* TASK DETAILS
The answer must repeat every record exactly, with all pictures omitted.

* Recorded data
####################
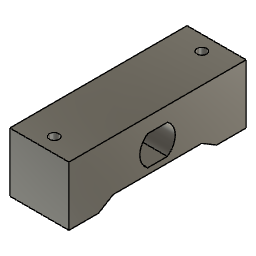
Motor mount test v1 (Autodesk Fusion 360 design; units mm, degrees)
Autodesk Fusion 360 part; units mm, degrees
sketch "Sketch1" plane through (0, 0, 0) normal (0, 0, 1) x (1, 0, 0)
  line L0 (0, 0) -> (20, 0)
  line L1 (20, 0) -> (20, 60)
  line L2 (20, 60) -> (0, 60)
  line L3 (0, 60) -> (0, 0)
  constraint horizontal L0
  constraint vertical L1
  constraint horizontal L2
  constraint vertical L3
  constraint coincident L0.start L3.end
extrude "Extrude1" add sketch "Sketch1" along normal blind 30
extrude "Extrude2" cut 1 faces at (6.6667, 40, 30) along direction (0, 0, -1) blind 10
sketch "Sketch2" plane through (20, 0, 0) normal (1, 0, 0) x (0, 1, 0)
  line L0 (60, 20) -> (0, 20)
  line L1 (0, 20) -> (0, 0)
  line L2 (0, 0) -> (60, 0)
  line L3 (60, 0) -> (60, 20)
  line L4 (36, 5) -> (24, 5)
  line L5 (24, 5) -> (24, 15)
  line L6 (24, 15) -> (36, 15)
  line L7 (36, 15) -> (36, 5)
  line L8 (36, 5) -> (24, 15) construction
  line L9 (24, 5) -> (36, 15) construction
  circle A0 centre (30, 10) radius 6
  point P0 (30, 10)
  constraint horizontal L4
  constraint perpendicular L4 L5
  constraint parallel L4 L6
  constraint parallel L5 L7
  constraint coincident L8 P0
  constraint coincident L9 P0
  constraint coincident P0 A0.centre
extrude "Extrude3" cut sketch "Sketch2" against normal blind 29 contours L4 L6 A0
sketch "Sketch3" plane through (0, 0, 0) normal (0, 0, -1) x (1, 0, 0)
  line L0 (0, 0) -> (0, -60)
  line L1 (0, -60) -> (20, -60)
  line L2 (20, -60) -> (20, 0)
  line L3 (20, 0) -> (0, 0)
  circle A0 centre (10, -5) radius 1.65
  circle A1 centre (10, -55) radius 1.65
  dimension "d7" = 3.3
  dimension "d8" = 3.3
  measures "d7" diameter of A0
  measures "d8" diameter of A1
extrude "Extrude4" cut sketch "Sketch3" against normal blind 45 contours A0 | A1
sketch "Sketch4" plane through (20, 0, 0) normal (1, 0, 0) x (0, 1, 0)
  line L0 (33.3166, 5) -> (26.6834, 5)
  arc A0 (26.6834, 15) -> (26.6834, 5) centre (30, 10) ccw
  line L1 (26.6834, 15) -> (33.3166, 15)
  arc A1 (33.3166, 5) -> (33.3166, 15) centre (30, 10) ccw
  line L2 (60, 20) -> (0, 20)
  line L3 (0, 20) -> (0, 0)
  line L4 (0, 0) -> (60, 0)
  line L5 (60, 0) -> (60, 20)
  line L6 (10, 0) -> (15, 3)
  line L7 (15, 3) -> (45, 3)
  line L8 (45, 3) -> (50, 0)
  constraint coincident L4 L6.start
  constraint parallel L4 L7
  constraint coincident L4 L8.end
extrude "Extrude5" cut sketch "Sketch4" against normal blind 43 contours L4 L6 L7 L8
####################
* FINISHED TASK
Motor mount test v1 (Autodesk Fusion 360 design; units mm, degrees)
Autodesk Fusion 360 part; units mm, degrees
sketch "Sketch1" plane through (0, 0, 0) normal (0, 0, 1) x (1, 0, 0)
  line L0 (0, 0) -> (20, 0)
  line L1 (20, 0) -> (20, 60)
  line L2 (20, 60) -> (0, 60)
  line L3 (0, 60) -> (0, 0)
  constraint horizontal L0
  constraint vertical L1
  constraint horizontal L2
  constraint vertical L3
  constraint coincident L0.start L3.end
extrude "Extrude1" add sketch "Sketch1" along normal blind 30
extrude "Extrude2" cut 1 faces at (6.6667, 40, 30) along direction (0, 0, -1) blind 10
sketch "Sketch2" plane through (20, 0, 0) normal (1, 0, 0) x (0, 1, 0)
  line L0 (60, 20) -> (0, 20)
  line L1 (0, 20) -> (0, 0)
  line L2 (0, 0) -> (60, 0)
  line L3 (60, 0) -> (60, 20)
  line L4 (36, 5) -> (24, 5)
  line L5 (24, 5) -> (24, 15)
  line L6 (24, 15) -> (36, 15)
  line L7 (36, 15) -> (36, 5)
  line L8 (36, 5) -> (24, 15) construction
  line L9 (24, 5) -> (36, 15) construction
  circle A0 centre (30, 10) radius 6
  point P0 (30, 10)
  constraint horizontal L4
  constraint perpendicular L4 L5
  constraint parallel L4 L6
  constraint parallel L5 L7
  constraint coincident L8 P0
  constraint coincident L9 P0
  constraint coincident P0 A0.centre
extrude "Extrude3" cut sketch "Sketch2" against normal blind 29 contours L4 L6 A0
sketch "Sketch3" plane through (0, 0, 0) normal (0, 0, -1) x (1, 0, 0)
  line L0 (0, 0) -> (0, -60)
  line L1 (0, -60) -> (20, -60)
  line L2 (20, -60) -> (20, 0)
  line L3 (20, 0) -> (0, 0)
  circle A0 centre (10, -5) radius 1.65
  circle A1 centre (10, -55) radius 1.65
  dimension "d7" = 3.3
  dimension "d8" = 3.3
  measures "d7" diameter of A0
  measures "d8" diameter of A1
extrude "Extrude4" cut sketch "Sketch3" against normal blind 45 contours A0 | A1
sketch "Sketch4" plane through (20, 0, 0) normal (1, 0, 0) x (0, 1, 0)
  line L0 (33.3166, 5) -> (26.6834, 5)
  arc A0 (26.6834, 15) -> (26.6834, 5) centre (30, 10) ccw
  line L1 (26.6834, 15) -> (33.3166, 15)
  arc A1 (33.3166, 5) -> (33.3166, 15) centre (30, 10) ccw
  line L2 (60, 20) -> (0, 20)
  line L3 (0, 20) -> (0, 0)
  line L4 (0, 0) -> (60, 0)
  line L5 (60, 0) -> (60, 20)
  line L6 (10, 0) -> (15, 3)
  line L7 (15, 3) -> (45, 3)
  line L8 (45, 3) -> (50, 0)
  constraint coincident L4 L6.start
  constraint parallel L4 L7
  constraint coincident L4 L8.end
extrude "Extrude5" cut sketch "Sketch4" against normal blind 43 contours L4 L6 L7 L8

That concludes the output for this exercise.